I will try with critic learning rate 3e-4 with single Q-networks. Also, set my initial alpha value as 1e-2. I will let you know my results. Also I will check my network input whether they are correctly normalized.

mw9385 commented 1 year ago

@Altriaex @Div99 Hi, I have tried with single Q critic and it works. I didn't see any divergence of critic loss. I ran the original code in the repo and my loss shows similar behavior. The reason of divergence is that the critic produces negative output (which means that the critic thinks that current states and actions are bad), and as the training iteration goes on q values become more and more negative resulting in divergence.
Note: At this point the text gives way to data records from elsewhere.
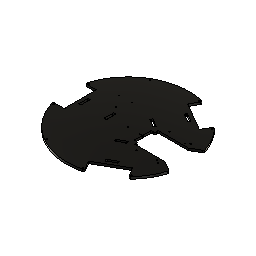
LowerPlate v13 (Autodesk Fusion 360 design; units mm, degrees)
Autodesk Fusion 360 part; units mm, degrees
(part 1 of 2)
sketch "Sketch1" plane through (0, 0, 0) normal (0, 0, 1) x (1, 0, 0)
  line L0 (0, 0) -> (-132.5, 0) construction
  line L1 (0, 0) -> (132.5, 0) construction
  line L2 (0, 0) -> (66.25, 114.7484) construction
  line L3 (0, 0) -> (66.25, -114.7484) construction
  line L4 (-127.7938, -35) -> (-103.7938, -35) construction
  line L5 (-103.7938, -35) -> (-103.7938, 35) construction
  line L6 (-103.7938, 35) -> (-127.7938, 35) construction
  line L7 (-127.7938, 35) -> (-127.7938, -35) construction
  line L8 (-103.7938, 35) -> (-104.8544, 33.9393) construction
  line L9 (-103.7938, -35) -> (-104.8544, -33.9393) construction
  arc A0 (-124.4739, -35) -> (-126.8676, -38.2212) centre (-124.4739, -37.5) ccw
  arc A1 (-126.8676, -38.2212) -> (-124.4739, -35) centre (-124.4739, -37.5) ccw construction
  arc A2 (-103.7938, -35) -> (-103.7938, -32.8787) centre (-104.8544, -33.9393) ccw
  arc A3 (-103.7938, -32.8787) -> (-105.9151, -35) centre (-104.8544, -33.9393) ccw construction
  arc A4 (-105.9151, -35) -> (-103.7938, -35) centre (-104.8544, -33.9393) ccw
  arc A5 (-103.7938, 32.8787) -> (-105.9151, 35) centre (-104.8544, 33.9393) ccw
  arc A6 (-105.9151, 35) -> (-103.7938, 32.8787) centre (-104.8544, 33.9393) ccw construction
  arc A7 (-126.8676, 38.2212) -> (-124.4739, 35) centre (-124.4739, 37.5) ccw
  arc A8 (-124.4739, 35) -> (-126.8676, 38.2212) centre (-124.4739, 37.5) ccw construction
  line L10 (-124.4739, 35) -> (-105.9151, 35)
  line L11 (-103.7938, 32.8787) -> (-103.7938, -32.8787)
  line L12 (-105.9151, -35) -> (-124.4739, -35)
  line L13 (33.586, 128.1727) -> (94.2078, 93.1727) construction
  line L14 (33.586, 128.1727) -> (21.586, 107.388) construction
  line L15 (21.586, 107.388) -> (82.2078, 72.388) construction
  line L16 (82.2078, 72.388) -> (94.2078, 93.1727) construction
  arc A9 (31.9261, 125.2976) -> (30.3332, 128.9812) centre (29.761, 126.5476) ccw
  arc A10 (30.3332, 128.9812) -> (31.9261, 125.2976) centre (29.761, 126.5476) ccw construction
  arc A11 (96.5343, 90.76) -> (92.5478, 90.2976) centre (94.7129, 89.0476) ccw
  arc A12 (92.5478, 90.2976) -> (96.5343, 90.76) centre (94.7129, 89.0476) ccw construction
  line L17 (21.586, 107.388) -> (23.0349, 107.7763) construction
  arc A13 (22.6467, 109.2252) -> (23.4231, 106.3274) centre (23.0349, 107.7763) ccw
  arc A14 (23.4231, 106.3274) -> (22.6467, 109.2252) centre (23.0349, 107.7763) ccw construction
  line L18 (82.2078, 72.388) -> (81.8196, 73.8369) construction
  arc A15 (80.3707, 73.4487) -> (83.2684, 74.2252) centre (81.8196, 73.8369) ccw
  arc A16 (83.2684, 74.2252) -> (80.3707, 73.4487) centre (81.8196, 73.8369) ccw construction
  line L19 (83.2684, 74.2252) -> (92.5478, 90.2976)
  line L20 (80.3707, 73.4487) -> (23.4231, 106.3274)
  line L21 (22.6467, 109.2252) -> (31.9261, 125.2976)
  line L22 (33.586, -128.1727) -> (94.2078, -93.1727) construction
  line L23 (33.586, -128.1727) -> (21.586, -107.388) construction
  line L24 (21.586, -107.388) -> (82.2078, -72.388) construction
  line L25 (82.2078, -72.388) -> (94.2078, -93.1727) construction
  line L26 (82.2078, -72.388) -> (81.8196, -73.8369) construction
  line L27 (21.586, -107.388) -> (23.0349, -107.7763) construction
  arc A17 (23.4231, -106.3274) -> (22.6467, -109.2252) centre (23.0349, -107.7763) ccw
  arc A18 (22.6467, -109.2252) -> (23.4231, -106.3274) centre (23.0349, -107.7763) ccw construction
  arc A19 (83.2684, -74.2252) -> (80.3707, -73.4487) centre (81.8196, -73.8369) ccw
  arc A20 (80.3707, -73.4487) -> (83.2684, -74.2252) centre (81.8196, -73.8369) ccw construction
  arc A21 (92.5478, -90.2976) -> (96.5343, -90.76) centre (94.7129, -89.0476) ccw
  arc A22 (96.5343, -90.76) -> (92.5478, -90.2976) centre (94.7129, -89.0476) ccw construction
  arc A23 (30.3333, -128.9812) -> (31.9261, -125.2976) centre (29.761, -126.5476) ccw
  arc A24 (31.9261, -125.2976) -> (30.3333, -128.9812) centre (29.761, -126.5476) ccw construction
  line L28 (92.5478, -90.2976) -> (83.2684, -74.2252)
  line L29 (80.3707, -73.4487) -> (23.4231, -106.3274)
  line L30 (22.6467, -109.2252) -> (31.9261, -125.2976)
  arc A25 (30.3332, 128.9812) -> (-126.8676, 38.2212) centre (0, 0) ccw
  arc A26 (-126.8676, 38.2212) -> (-126.8676, -38.2212) centre (0, 0) ccw construction
  arc A27 (30.3333, -128.9812) -> (30.3332, 128.9812) centre (0, 0) ccw construction
  arc A28 (-126.8676, -38.2212) -> (30.3333, -128.9812) centre (0, 0) ccw
  line L31 (-103.7938, 18.4) -> (-19.3938, 18.4) construction
  line L32 (-19.3938, 18.4) -> (-19.3938, -18.4) construction
  line L33 (-19.3938, -18.4) -> (-103.7938, -18.4) construction
  line L34 (-96.7938, 10) -> (-91.9938, 10) construction
  line L35 (-91.9938, 10) -> (-91.9938, -10) construction
  line L36 (-91.9938, -10) -> (-96.7938, -10) construction
  line L37 (-96.7938, -10) -> (-96.7938, 10) construction
  line L38 (-96.7938, 10) -> (-91.9938, -10) construction
  line L39 (-41.9938, 10) -> (-37.1938, 10) construction
  line L40 (-37.1938, 10) -> (-37.1938, -10) construction
  line L41 (-37.1938, -10) -> (-41.9938, -10) construction
  line L42 (-41.9938, -10) -> (-41.9938, 10) construction
  line L43 (-41.9938, 10) -> (-37.1938, -10) construction
  line L44 (-96.7938, 10) -> (-95.7331, 8.9393) construction
  line L45 (-91.9938, 10) -> (-93.0544, 8.9393) construction
  line L46 (-96.7938, -10) -> (-95.7331, -8.9393) construction
  line L47 (-91.9938, -10) -> (-93.0544, -8.9393) construction
  arc A29 (-94.1151, 10) -> (-91.9938, 7.8787) centre (-93.0544, 8.9393) ccw construction
  arc A30 (-91.9938, 7.8787) -> (-91.9938, 10) centre (-93.0544, 8.9393) ccw
  arc A31 (-91.9938, 10) -> (-94.1151, 10) centre (-93.0544, 8.9393) ccw
  arc A32 (-96.7938, 7.8787) -> (-94.6725, 10) centre (-95.7331, 8.9393) ccw construction
  arc A33 (-94.6725, 10) -> (-96.7938, 10) centre (-95.7331, 8.9393) ccw
  arc A34 (-96.7938, 10) -> (-96.7938, 7.8787) centre (-95.7331, 8.9393) ccw
  arc A35 (-94.6725, -10) -> (-96.7938, -7.8787) centre (-95.7331, -8.9393) ccw construction
  arc A36 (-96.7938, -7.8787) -> (-96.7938, -10) centre (-95.7331, -8.9393) ccw
  arc A37 (-96.7938, -10) -> (-94.6725, -10) centre (-95.7331, -8.9393) ccw
  arc A38 (-91.9938, -7.8787) -> (-94.1151, -10) centre (-93.0544, -8.9393) ccw construction
  arc A39 (-94.1151, -10) -> (-91.9938, -10) centre (-93.0544, -8.9393) ccw
  arc A40 (-91.9938, -10) -> (-91.9938, -7.8787) centre (-93.0544, -8.9393) ccw
  line L48 (-94.6725, 10) -> (-94.1151, 10)
  line L49 (-96.7938, 7.8787) -> (-96.7938, -7.8787)
  line L50 (-91.9938, -7.8787) -> (-91.9938, 7.8787)
  line L51 (-94.6725, -10) -> (-94.1151, -10)
  line L52 (-41.9938, 10) -> (-40.9331, 8.9393) construction
  line L53 (-37.1938, 10) -> (-38.2544, 8.9393) construction
  line L54 (-41.9938, -10) -> (-40.9331, -8.9393) construction
  line L55 (-37.1938, -10) -> (-38.2544, -8.9393) construction
  arc A41 (-37.1938, -7.8787) -> (-39.3151, -10) centre (-38.2544, -8.9393) ccw construction
  arc A42 (-39.3151, -10) -> (-37.1938, -10) centre (-38.2544, -8.9393) ccw
  arc A43 (-37.1938, -10) -> (-37.1938, -7.8787) centre (-38.2544, -8.9393) ccw
  arc A44 (-39.8725, -10) -> (-41.9938, -7.8787) centre (-40.9331, -8.9393) ccw construction
  arc A45 (-41.9938, -10) -> (-39.8725, -10) centre (-40.9331, -8.9393) ccw
  arc A46 (-41.9938, -7.8787) -> (-41.9938, -10) centre (-40.9331, -8.9393) ccw
  arc A47 (-41.9938, 7.8787) -> (-39.8725, 10) centre (-40.9331, 8.9393) ccw construction
  arc A48 (-41.9938, 10) -> (-41.9938, 7.8787) centre (-40.9331, 8.9393) ccw
  arc A49 (-39.8725, 10) -> (-41.9938, 10) centre (-40.9331, 8.9393) ccw
  arc A50 (-39.3151, 10) -> (-37.1938, 7.8787) centre (-38.2544, 8.9393) ccw construction
  arc A51 (-37.1938, 10) -> (-39.3151, 10) centre (-38.2544, 8.9393) ccw
  arc A52 (-37.1938, 7.8787) -> (-37.1938, 10) centre (-38.2544, 8.9393) ccw
  line L56 (-39.8725, -10) -> (-39.3151, -10)
  line L57 (-37.1938, -7.8787) -> (-37.1938, 7.8787)
  line L58 (-41.9938, 7.8787) -> (-41.9938, -7.8787)
  line L59 (-39.8725, 10) -> (-39.3151, 10)
  line L60 (35.962, 99.088) -> (-6.238, 25.9955) construction
  line L61 (-6.238, 25.9955) -> (25.6318, 7.5955) construction
  line L62 (25.6318, 7.5955) -> (67.8318, 80.688) construction
  line L63 (39.7366, 88.8259) -> (57.0571, 78.8259) construction
  line L64 (57.0571, 78.8259) -> (54.6571, 74.6689) construction
  line L65 (54.6571, 74.6689) -> (37.3366, 84.6689) construction
  line L66 (37.3366, 84.6689) -> (39.7366, 88.8259) construction
  line L67 (39.7366, 88.8259) -> (54.6571, 74.6689) construction
  line L68 (12.3366, 41.3677) -> (29.6571, 31.3677) construction
  line L69 (29.6571, 31.3677) -> (27.2571, 27.2108) construction
  line L70 (27.2571, 27.2108) -> (9.9366, 37.2108) construction
  line L71 (9.9366, 37.2108) -> (12.3366, 41.3677) construction
  line L72 (12.3366, 41.3677) -> (27.2571, 27.2108) construction
  line L73 (37.3366, 84.6689) -> (38.7855, 85.0572) construction
  line L74 (39.7366, 88.8259) -> (40.1249, 87.377) construction
  line L75 (54.6571, 74.6689) -> (54.2689, 76.1178) construction
  line L76 (57.0571, 78.8259) -> (55.6083, 78.4376) construction
  arc A53 (55.22, 79.8865) -> (55.9965, 76.9888) centre (55.6083, 78.4376) ccw construction
  arc A54 (55.9965, 76.9888) -> (57.0571, 78.8259) centre (55.6083, 78.4376) ccw
  arc A55 (57.0571, 78.8259) -> (55.22, 79.8865) centre (55.6083, 78.4376) ccw
  arc A56 (55.7178, 76.5061) -> (52.82, 75.7296) centre (54.2689, 76.1178) ccw construction
  arc A57 (54.6571, 74.6689) -> (55.7178, 76.5061) centre (54.2689, 76.1178) ccw
  arc A58 (52.82, 75.7296) -> (54.6571, 74.6689) centre (54.2689, 76.1178) ccw
  arc A59 (39.1738, 83.6083) -> (38.3973, 86.5061) centre (38.7855, 85.0572) ccw construction
  arc A60 (37.3366, 84.6689) -> (39.1738, 83.6083) centre (38.7855, 85.0572) ccw
  arc A61 (38.3973, 86.5061) -> (37.3366, 84.6689) centre (38.7855, 85.0572) ccw
  arc A62 (38.676, 86.9888) -> (41.5738, 87.7652) centre (40.1249, 87.377) ccw construction
  arc A63 (41.5738, 87.7652) -> (39.7366, 88.8259) centre (40.1249, 87.377) ccw
  arc A64 (39.7366, 88.8259) -> (38.676, 86.9888) centre (40.1249, 87.377) ccw
  line L77 (38.3973, 86.5061) -> (38.676, 86.9888)
  line L78 (41.5738, 87.7652) -> (55.22, 79.8865)
  line L79 (55.9965, 76.9888) -> (55.7178, 76.5061)
  line L80 (52.82, 75.7296) -> (39.1738, 83.6083)
  line L81 (9.9366, 37.2108) -> (11.3855, 37.599) construction
  line L82 (12.3366, 41.3677) -> (12.7249, 39.9188) construction
  line L83 (27.2571, 27.2108) -> (26.8689, 28.6596) construction
  line L84 (29.6571, 31.3677) -> (28.2083, 30.9795) construction
  arc A65 (11.276, 39.5306) -> (14.1738, 40.307) centre (12.7249, 39.9188) ccw construction
  arc A66 (14.1738, 40.307) -> (12.3366, 41.3677) centre (12.7249, 39.9188) ccw
  arc A67 (12.3366, 41.3677) -> (11.276, 39.5306) centre (12.7249, 39.9188) ccw
  arc A68 (11.7738, 36.1501) -> (10.9973, 39.0479) centre (11.3855, 37.599) ccw construction
  arc A69 (10.9973, 39.0479) -> (9.9366, 37.2108) centre (11.3855, 37.599) ccw
  arc A70 (9.9366, 37.2108) -> (11.7738, 36.1501) centre (11.3855, 37.599) ccw
  arc A71 (28.3178, 29.0479) -> (25.42, 28.2714) centre (26.8689, 28.6596) ccw construction
  arc A72 (25.42, 28.2714) -> (27.2571, 27.2108) centre (26.8689, 28.6596) ccw
  arc A73 (27.2571, 27.2108) -> (28.3178, 29.0479) centre (26.8689, 28.6596) ccw
  arc A74 (27.82, 32.4283) -> (28.5965, 29.5306) centre (28.2083, 30.9795) ccw construction
  arc A75 (28.5965, 29.5306) -> (29.6571, 31.3677) centre (28.2083, 30.9795) ccw
  arc A76 (29.6571, 31.3677) -> (27.82, 32.4283) centre (28.2083, 30.9795) ccw
  line L85 (10.9973, 39.0479) -> (11.276, 39.5306)
  line L86 (11.7738, 36.1501) -> (25.42, 28.2714)
  line L87 (28.3178, 29.0479) -> (28.5965, 29.5306)
  line L88 (27.82, 32.4283) -> (14.1738, 40.307)
  line L89 (35.962, -99.088) -> (-6.238, -25.9955) construction
  line L90 (-6.238, -25.9955) -> (25.6318, -7.5955) construction
  line L91 (25.6318, -7.5955) -> (67.8318, -80.688) construction
  line L92 (39.7366, -88.8259) -> (57.0571, -78.8259) construction
  line L93 (57.0571, -78.8259) -> (54.6571, -74.6689) construction
  line L94 (54.6571, -74.6689) -> (37.3366, -84.6689) construction
  line L95 (37.3366, -84.6689) -> (39.7366, -88.8259) construction
  line L96 (37.3366, -84.6689) -> (57.0571, -78.8259) construction
  line L97 (12.3366, -41.3677) -> (29.6571, -31.3677) construction
  line L98 (29.6571, -31.3677) -> (27.2571, -27.2108) construction
  line L99 (27.2571, -27.2108) -> (9.9366, -37.2108) construction
  line L100 (9.9366, -37.2108) -> (12.3366, -41.3677) construction
  line L101 (9.9366, -37.2108) -> (29.6571, -31.3677) construction
  line L102 (9.9366, -37.2108) -> (11.3855, -37.599) construction
  line L103 (12.3366, -41.3677) -> (12.7249, -39.9188) construction
  line L104 (27.2571, -27.2108) -> (26.8689, -28.6596) construction
  line L105 (29.6571, -31.3677) -> (28.2083, -30.9795) construction
  arc A77 (25.42, -28.2714) -> (28.3178, -29.0479) centre (26.8689, -28.6596) ccw construction
  arc A78 (28.3178, -29.0479) -> (27.2571, -27.2108) centre (26.8689, -28.6596) ccw
  arc A79 (27.2571, -27.2108) -> (25.42, -28.2714) centre (26.8689, -28.6596) ccw
  arc A80 (28.5965, -29.5306) -> (27.82, -32.4283) centre (28.2083, -30.9795) ccw construction
  arc A81 (29.6571, -31.3677) -> (28.5965, -29.5306) centre (28.2083, -30.9795) ccw
  arc A82 (27.82, -32.4283) -> (29.6571, -31.3677) centre (28.2083, -30.9795) ccw
  arc A83 (14.1738, -40.307) -> (11.276, -39.5306) centre (12.7249, -39.9188) ccw construction
  arc A84 (12.3366, -41.3677) -> (14.1738, -40.307) centre (12.7249, -39.9188) ccw
  arc A85 (11.276, -39.5306) -> (12.3366, -41.3677) centre (12.7249, -39.9188) ccw
  arc A86 (10.9973, -39.0479) -> (11.7738, -36.1501) centre (11.3855, -37.599) ccw construction
  arc A87 (9.9366, -37.2108) -> (10.9973, -39.0479) centre (11.3855, -37.599) ccw
  arc A88 (11.7738, -36.1501) -> (9.9366, -37.2108) centre (11.3855, -37.599) ccw
  line L106 (28.5965, -29.5306) -> (28.3178, -29.0479)
  line L107 (25.42, -28.2714) -> (11.7738, -36.1501)
  line L108 (27.82, -32.4283) -> (14.1738, -40.307)
  line L109 (11.276, -39.5306) -> (10.9973, -39.0479)
  line L110 (37.3366, -84.6689) -> (38.7855, -85.0572) construction
  line L111 (39.7366, -88.8259) -> (40.1249, -87.377) construction
  line L112 (54.6571, -74.6689) -> (54.2689, -76.1178) construction
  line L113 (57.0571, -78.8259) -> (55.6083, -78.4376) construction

Using single critic removes this dug.

Many thanks :)

mw9385 commented 1 year ago

@Div99 Sorry, I have to reopen the issue, because the loss function seems to be very unstable. It is fluctuating in a large magnitude. The followings are my hyperparameters:

스크린샷 2023-01-20 오후 10 52 36

스크린샷 2023-01-20 오후 10 52 43

mw9385 commented 1 year ago

I have solved this issue by tuning hyperparameters. Closing this issue.